The rise of e-cigarette popularity has sparked interest in the role of palatable flavors on nicotine use. Despite growing evidence that sweet flavorants enhance nicotine reward, their influence on ...nicotine consumption has not been studied extensively. In addition, the impact that flavored nicotine use in adolescence could have on nicotine reward and dependence in adulthood remains unclear. This study examined the role of flavored nicotine access on nicotine preference and consumption longitudinally, from adolescence to adulthood.

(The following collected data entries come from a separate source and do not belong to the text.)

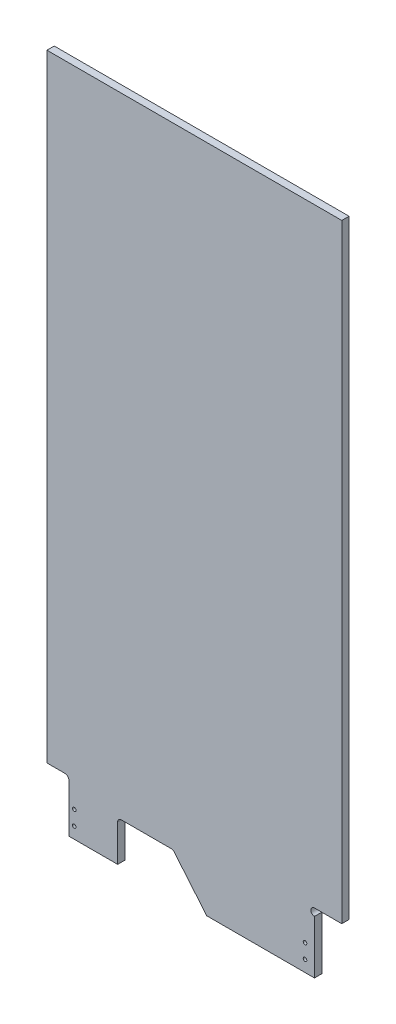
ISO-10303-21;
HEADER;
FILE_DESCRIPTION(('STEP AP214'),'2;1');
FILE_NAME('part.step','',(''),(''),'','','');
FILE_SCHEMA(('AUTOMOTIVE_DESIGN { 1 0 10303 214 1 1 1 1 }'));
ENDSEC;
DATA;
#1=APPLICATION_CONTEXT('core data for automotive mechanical design processes');
#2=APPLICATION_PROTOCOL_DEFINITION('international standard','automotive_design',2000,#1);
#3=PRODUCT_CONTEXT('',#1,'mechanical');
#4=PRODUCT('Part','Part','',(#3));
#5=PRODUCT_RELATED_PRODUCT_CATEGORY('part','',(#4));
#6=PRODUCT_DEFINITION_FORMATION('','',#4);
#7=PRODUCT_DEFINITION_CONTEXT('part definition',#1,'design');
#8=PRODUCT_DEFINITION('design','',#6,#7);
#9=PRODUCT_DEFINITION_SHAPE('','',#8);
#10=(LENGTH_UNIT() NAMED_UNIT(*) SI_UNIT(.MILLI.,.METRE.));
#11=(NAMED_UNIT(*) PLANE_ANGLE_UNIT() SI_UNIT($,.RADIAN.));
#12=(NAMED_UNIT(*) SI_UNIT($,.STERADIAN.) SOLID_ANGLE_UNIT());
#13=UNCERTAINTY_MEASURE_WITH_UNIT(LENGTH_MEASURE(1.E-05),#10,'distance_accuracy_value','');
#14=(GEOMETRIC_REPRESENTATION_CONTEXT(3) GLOBAL_UNCERTAINTY_ASSIGNED_CONTEXT((#13)) GLOBAL_UNIT_ASSIGNED_CONTEXT((#10,
#11,#12)) REPRESENTATION_CONTEXT('',''));
#15=CARTESIAN_POINT('',(0.,0.,0.));
#16=DIRECTION('',(0.,0.,1.));
#17=DIRECTION('',(1.,0.,0.));
#18=AXIS2_PLACEMENT_3D('',#15,#16,#17);
#19=CARTESIAN_POINT('',(10375.9021420887,13102.653009206,-12.7));
#20=DIRECTION('',(-1.,0.,0.));
#21=DIRECTION('',(0.,0.,1.));
#22=AXIS2_PLACEMENT_3D('',#19,#20,#21);
#23=PLANE('',#22);
#24=DIRECTION('',(0.,-1.,0.));
#25=VECTOR('',#24,1.);
#26=CARTESIAN_POINT('',(10375.9021420887,13102.653009206,0.));
#27=LINE('',#26,#25);
#28=CARTESIAN_POINT('',(10375.9021420887,13102.653009206,0.));
#29=VERTEX_POINT('',#28);
#30=CARTESIAN_POINT('',(10375.9021420887,13017.5001101928,0.));
#31=VERTEX_POINT('',#30);
#32=EDGE_CURVE('E176',#29,#31,#27,.T.);
#33=ORIENTED_EDGE('',*,*,#32,.F.);
#34=DIRECTION('',(0.,0.,1.));
#35=VECTOR('',#34,1.);
#36=CARTESIAN_POINT('',(10375.9021420887,13102.653009206,-12.7));
#37=LINE('',#36,#35);
#38=CARTESIAN_POINT('',(10375.9021420887,13102.653009206,-12.7));
#39=VERTEX_POINT('',#38);
#40=EDGE_CURVE('E11',#39,#29,#37,.T.);
#41=ORIENTED_EDGE('',*,*,#40,.F.);
#42=DIRECTION('',(0.,-1.,0.));
#43=VECTOR('',#42,1.);
#44=CARTESIAN_POINT('',(10375.9021420887,13102.653009206,-12.7));
#45=LINE('',#44,#43);
#46=CARTESIAN_POINT('',(10375.9021420887,13017.5001101928,-12.7));
#47=VERTEX_POINT('',#46);
#48=EDGE_CURVE('E221',#39,#47,#45,.T.);
#49=ORIENTED_EDGE('',*,*,#48,.T.);
#50=DIRECTION('',(0.,0.,1.));
#51=VECTOR('',#50,1.);
#52=CARTESIAN_POINT('',(10375.9021420887,13017.5001101928,-12.7));
#53=LINE('',#52,#51);
#54=EDGE_CURVE('E34',#47,#31,#53,.T.);
#55=ORIENTED_EDGE('',*,*,#54,.T.);
#56=EDGE_LOOP('',(#33,#41,#49,#55));
#57=FACE_BOUND('',#56,.T.);
#58=ADVANCED_FACE('F31',(#57),#23,.T.);
#59=CARTESIAN_POINT('',(10369.5521420887,13102.653009206,-12.7));
#60=DIRECTION('',(0.,0.,1.));
#61=DIRECTION('',(1.,0.,0.));
#62=AXIS2_PLACEMENT_3D('',#59,#60,#61);
#63=CYLINDRICAL_SURFACE('',#62,6.34999999999941);
#64=CARTESIAN_POINT('',(10369.5521420887,13102.653009206,0.));
#65=DIRECTION('',(0.,0.,-1.));
#66=DIRECTION('',(-1.,0.,0.));
#67=AXIS2_PLACEMENT_3D('',#64,#65,#66);
#68=CIRCLE('',#67,6.34999999999941);
#69=CARTESIAN_POINT('',(10369.5521420887,13109.003009206,0.));
#70=VERTEX_POINT('',#69);
#71=EDGE_CURVE('E219',#70,#29,#68,.T.);
#72=ORIENTED_EDGE('',*,*,#71,.F.);
#73=DIRECTION('',(0.,0.,1.));
#74=VECTOR('',#73,1.);
#75=CARTESIAN_POINT('',(10369.5521420887,13109.003009206,-12.7));
#76=LINE('',#75,#74);
#77=CARTESIAN_POINT('',(10369.5521420887,13109.003009206,-12.7));
#78=VERTEX_POINT('',#77);
#79=EDGE_CURVE('E40',#78,#70,#76,.T.);
#80=ORIENTED_EDGE('',*,*,#79,.F.);
#81=CARTESIAN_POINT('',(10369.5521420887,13102.653009206,-12.7));
#82=DIRECTION('',(0.,0.,-1.));
#83=DIRECTION('',(-1.,0.,0.));
#84=AXIS2_PLACEMENT_3D('',#81,#82,#83);
#85=CIRCLE('',#84,6.34999999999941);
#86=EDGE_CURVE('E166',#78,#39,#85,.T.);
#87=ORIENTED_EDGE('',*,*,#86,.T.);
#88=ORIENTED_EDGE('',*,*,#40,.T.);
#89=EDGE_LOOP('',(#72,#80,#87,#88));
#90=FACE_BOUND('',#89,.T.);
#91=ADVANCED_FACE('F249',(#90),#63,.F.);
#92=CARTESIAN_POINT('',(10337.8021420887,13109.003009206,-12.7));
#93=DIRECTION('',(0.,-1.,0.));
#94=DIRECTION('',(0.,0.,-1.));
#95=AXIS2_PLACEMENT_3D('',#92,#93,#94);
#96=PLANE('',#95);
#97=DIRECTION('',(1.,0.,0.));
#98=VECTOR('',#97,1.);
#99=CARTESIAN_POINT('',(10337.8021420887,13109.003009206,0.));
#100=LINE('',#99,#98);
#101=CARTESIAN_POINT('',(10337.8021420887,13109.003009206,0.));
#102=VERTEX_POINT('',#101);
#103=EDGE_CURVE('E153',#102,#70,#100,.T.);
#104=ORIENTED_EDGE('',*,*,#103,.F.);
#105=DIRECTION('',(0.,0.,1.));
#106=VECTOR('',#105,1.);
#107=CARTESIAN_POINT('',(10337.8021420887,13109.003009206,-12.7));
#108=LINE('',#107,#106);
#109=CARTESIAN_POINT('',(10337.8021420887,13109.003009206,-12.7));
#110=VERTEX_POINT('',#109);
#111=EDGE_CURVE('E148',#110,#102,#108,.T.);
#112=ORIENTED_EDGE('',*,*,#111,.F.);
#113=DIRECTION('',(1.,0.,0.));
#114=VECTOR('',#113,1.);
#115=CARTESIAN_POINT('',(10337.8021420887,13109.003009206,-12.7));
#116=LINE('',#115,#114);
#117=EDGE_CURVE('E151',#110,#78,#116,.T.);
#118=ORIENTED_EDGE('',*,*,#117,.T.);
#119=ORIENTED_EDGE('',*,*,#79,.T.);
#120=EDGE_LOOP('',(#104,#112,#118,#119));
#121=FACE_BOUND('',#120,.T.);
#122=ADVANCED_FACE('F150',(#121),#96,.T.);
#123=CARTESIAN_POINT('',(10337.8007478141,14185.9001101928,-12.7));
#124=DIRECTION('',(-0.999999999999162,-1.29471476797222E-06,0.));
#125=DIRECTION('',(1.29471476797222E-06,-0.999999999999162,0.));
#126=AXIS2_PLACEMENT_3D('',#123,#124,#125);
#127=PLANE('',#126);
#128=DIRECTION('',(1.29471476797222E-06,-0.999999999999162,0.));
#129=VECTOR('',#128,1.);
#130=CARTESIAN_POINT('',(10337.8007478141,14185.9001101928,0.));
#131=LINE('',#130,#129);
#132=CARTESIAN_POINT('',(10337.8007478141,14185.9001101928,0.));
#133=VERTEX_POINT('',#132);
#134=EDGE_CURVE('E216',#133,#102,#131,.T.);
#135=ORIENTED_EDGE('',*,*,#134,.F.);
#136=DIRECTION('',(0.,0.,1.));
#137=VECTOR('',#136,1.);
#138=CARTESIAN_POINT('',(10337.8007478141,14185.9001101928,-12.7));
#139=LINE('',#138,#137);
#140=CARTESIAN_POINT('',(10337.8007478141,14185.9001101928,-12.7));
#141=VERTEX_POINT('',#140);
#142=EDGE_CURVE('E158',#141,#133,#139,.T.);
#143=ORIENTED_EDGE('',*,*,#142,.F.);
#144=DIRECTION('',(1.29471476797222E-06,-0.999999999999162,0.));
#145=VECTOR('',#144,1.);
#146=CARTESIAN_POINT('',(10337.8007478141,14185.9001101928,-12.7));
#147=LINE('',#146,#145);
#148=EDGE_CURVE('E164',#141,#110,#147,.T.);
#149=ORIENTED_EDGE('',*,*,#148,.T.);
#150=ORIENTED_EDGE('',*,*,#111,.T.);
#151=EDGE_LOOP('',(#135,#143,#149,#150));
#152=FACE_BOUND('',#151,.T.);
#153=ADVANCED_FACE('F168',(#152),#127,.T.);
#154=CARTESIAN_POINT('',(10852.1479242815,14185.9001101928,-12.7));
#155=DIRECTION('',(0.,1.,0.));
#156=DIRECTION('',(0.,0.,1.));
#157=AXIS2_PLACEMENT_3D('',#154,#155,#156);
#158=PLANE('',#157);
#159=DIRECTION('',(-1.,0.,0.));
#160=VECTOR('',#159,1.);
#161=CARTESIAN_POINT('',(10852.1479242815,14185.9001101928,0.));
#162=LINE('',#161,#160);
#163=CARTESIAN_POINT('',(10852.1479242815,14185.9001101928,0.));
#164=VERTEX_POINT('',#163);
#165=EDGE_CURVE('E213',#164,#133,#162,.T.);
#166=ORIENTED_EDGE('',*,*,#165,.F.);
#167=DIRECTION('',(0.,0.,1.));
#168=VECTOR('',#167,1.);
#169=CARTESIAN_POINT('',(10852.1479242815,14185.9001101928,-12.7));
#170=LINE('',#169,#168);
#171=CARTESIAN_POINT('',(10852.1479242815,14185.9001101928,-12.7));
#172=VERTEX_POINT('',#171);
#173=EDGE_CURVE('E225',#172,#164,#170,.T.);
#174=ORIENTED_EDGE('',*,*,#173,.F.);
#175=DIRECTION('',(-1.,0.,0.));
#176=VECTOR('',#175,1.);
#177=CARTESIAN_POINT('',(10852.1479242815,14185.9001101928,-12.7));
#178=LINE('',#177,#176);
#179=EDGE_CURVE('E169',#172,#141,#178,.T.);
#180=ORIENTED_EDGE('',*,*,#179,.T.);
#181=ORIENTED_EDGE('',*,*,#142,.T.);
#182=EDGE_LOOP('',(#166,#174,#180,#181));
#183=FACE_BOUND('',#182,.T.);
#184=ADVANCED_FACE('F262',(#183),#158,.T.);
#185=CARTESIAN_POINT('',(10852.1507478141,13123.290509206,-12.7));
#186=DIRECTION('',(0.99999999999647,2.65716833036978E-06,0.));
#187=DIRECTION('',(-2.65716833036978E-06,0.99999999999647,0.));
#188=AXIS2_PLACEMENT_3D('',#185,#186,#187);
#189=PLANE('',#188);
#190=DIRECTION('',(-2.65716833036978E-06,0.99999999999647,0.));
#191=VECTOR('',#190,1.);
#192=CARTESIAN_POINT('',(10852.1507478141,13123.290509206,0.));
#193=LINE('',#192,#191);
#194=CARTESIAN_POINT('',(10852.1507478141,13123.290509206,0.));
#195=VERTEX_POINT('',#194);
#196=EDGE_CURVE('E210',#195,#164,#193,.T.);
#197=ORIENTED_EDGE('',*,*,#196,.F.);
#198=DIRECTION('',(0.,0.,1.));
#199=VECTOR('',#198,1.);
#200=CARTESIAN_POINT('',(10852.1507478141,13123.290509206,-12.7));
#201=LINE('',#200,#199);
#202=CARTESIAN_POINT('',(10852.1507478141,13123.290509206,-12.7));
#203=VERTEX_POINT('',#202);
#204=EDGE_CURVE('E227',#203,#195,#201,.T.);
#205=ORIENTED_EDGE('',*,*,#204,.F.);
#206=DIRECTION('',(-2.65716833036978E-06,0.99999999999647,0.));
#207=VECTOR('',#206,1.);
#208=CARTESIAN_POINT('',(10852.1507478141,13123.290509206,-12.7));
#209=LINE('',#208,#207);
#210=EDGE_CURVE('E171',#203,#172,#209,.T.);
#211=ORIENTED_EDGE('',*,*,#210,.T.);
#212=ORIENTED_EDGE('',*,*,#173,.T.);
#213=EDGE_LOOP('',(#197,#205,#211,#212));
#214=FACE_BOUND('',#213,.T.);
#215=ADVANCED_FACE('F265',(#214),#189,.T.);
#216=CARTESIAN_POINT('',(10804.5257478141,13123.290509206,-12.7));
#217=DIRECTION('',(0.,-1.,0.));
#218=DIRECTION('',(0.,0.,-1.));
#219=AXIS2_PLACEMENT_3D('',#216,#217,#218);
#220=PLANE('',#219);
#221=DIRECTION('',(1.,0.,0.));
#222=VECTOR('',#221,1.);
#223=CARTESIAN_POINT('',(10804.5257478141,13123.290509206,0.));
#224=LINE('',#223,#222);
#225=CARTESIAN_POINT('',(10804.5257478141,13123.290509206,0.));
#226=VERTEX_POINT('',#225);
#227=EDGE_CURVE('E207',#226,#195,#224,.T.);
#228=ORIENTED_EDGE('',*,*,#227,.F.);
#229=DIRECTION('',(0.,0.,1.));
#230=VECTOR('',#229,1.);
#231=CARTESIAN_POINT('',(10804.5257478141,13123.290509206,-12.7));
#232=LINE('',#231,#230);
#233=CARTESIAN_POINT('',(10804.5257478141,13123.290509206,-12.7));
#234=VERTEX_POINT('',#233);
#235=EDGE_CURVE('E229',#234,#226,#232,.T.);
#236=ORIENTED_EDGE('',*,*,#235,.F.);
#237=DIRECTION('',(1.,0.,0.));
#238=VECTOR('',#237,1.);
#239=CARTESIAN_POINT('',(10804.5257478141,13123.290509206,-12.7));
#240=LINE('',#239,#238);
#241=EDGE_CURVE('E387',#234,#203,#240,.T.);
#242=ORIENTED_EDGE('',*,*,#241,.T.);
#243=ORIENTED_EDGE('',*,*,#204,.T.);
#244=EDGE_LOOP('',(#228,#236,#242,#243));
#245=FACE_BOUND('',#244,.T.);
#246=ADVANCED_FACE('F269',(#245),#220,.T.);
#247=CARTESIAN_POINT('',(10804.5257478141,13116.940509206,-12.7));
#248=DIRECTION('',(0.,0.,1.));
#249=DIRECTION('',(1.,0.,0.));
#250=AXIS2_PLACEMENT_3D('',#247,#248,#249);
#251=CYLINDRICAL_SURFACE('',#250,6.34999999999941);
#252=CARTESIAN_POINT('',(10804.5257478141,13116.940509206,0.));
#253=DIRECTION('',(0.,0.,-1.));
#254=DIRECTION('',(1.,0.,0.));
#255=AXIS2_PLACEMENT_3D('',#252,#253,#254);
#256=CIRCLE('',#255,6.34999999999941);
#257=CARTESIAN_POINT('',(10804.5257478141,13110.590509206,0.));
#258=VERTEX_POINT('',#257);
#259=EDGE_CURVE('E204',#258,#226,#256,.T.);
#260=ORIENTED_EDGE('',*,*,#259,.F.);
#261=DIRECTION('',(0.,0.,1.));
#262=VECTOR('',#261,1.);
#263=CARTESIAN_POINT('',(10804.5257478141,13110.590509206,-12.7));
#264=LINE('',#263,#262);
#265=CARTESIAN_POINT('',(10804.5257478141,13110.590509206,-12.7));
#266=VERTEX_POINT('',#265);
#267=EDGE_CURVE('E231',#266,#258,#264,.T.);
#268=ORIENTED_EDGE('',*,*,#267,.F.);
#269=CARTESIAN_POINT('',(10804.5257478141,13116.940509206,-12.7));
#270=DIRECTION('',(0.,0.,-1.));
#271=DIRECTION('',(1.,0.,0.));
#272=AXIS2_PLACEMENT_3D('',#269,#270,#271);
#273=CIRCLE('',#272,6.34999999999941);
#274=EDGE_CURVE('E384',#266,#234,#273,.T.);
#275=ORIENTED_EDGE('',*,*,#274,.T.);
#276=ORIENTED_EDGE('',*,*,#235,.T.);
#277=EDGE_LOOP('',(#260,#268,#275,#276));
#278=FACE_BOUND('',#277,.T.);
#279=ADVANCED_FACE('F273',(#278),#251,.F.);
#280=CARTESIAN_POINT('',(10804.5257478141,13017.5001101928,-12.7));
#281=DIRECTION('',(1.,0.,0.));
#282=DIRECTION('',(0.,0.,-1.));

Male and female adolescent mice preferred a fruit-flavored nicotine solution over an unflavored nicotine solution. However, only adolescent female mice with access to flavored nicotine consumed higher doses. Furthermore, while adolescent male mice escalated consumption of both flavored and unflavored nicotine, female mice only escalated nicotine consumption when given access to flavored nicotine. As mice matured into adulthood, there was no evidence that a history of flavored-nicotine access altered preference for unflavored nicotine compared to a nicotine-free control in a classic two-bottle choice design. However, when the nicotine concentration was progressively reduced, mice that had consumed strawberry-flavored nicotine in adolescence maintained baseline nicotine consumption levels longer than mice that initiated nicotine use without flavor in adolescence. Finally, addition of fruit-flavorants into the nicotine solution during adulthood led to nicotine preference and increased levels of nicotine consumption, regardless of previous flavored-nicotine access or of familiarity with the selected flavorant. These results indicate that flavorants increase nicotine consumption independent of life stage, possibly posing a disproportionate risk to adolescent females. Our results also point to an effect of adolescent flavored-nicotine use on nicotine dose maintenance in adulthood, which could have implications for the success of future quit attempts.
•Adolescent mice prefer a fruit-flavored nicotine solution over an unflavored nicotine solution.•Adolescent female mice consume more nicotine if it is flavored.•Adolescent female mice escalate nicotine consumption only when flavored.•Adult mice with a history of flavored nicotine use resist nicotine dose reductions.•Adult mice increase nicotine consumption when flavor is added.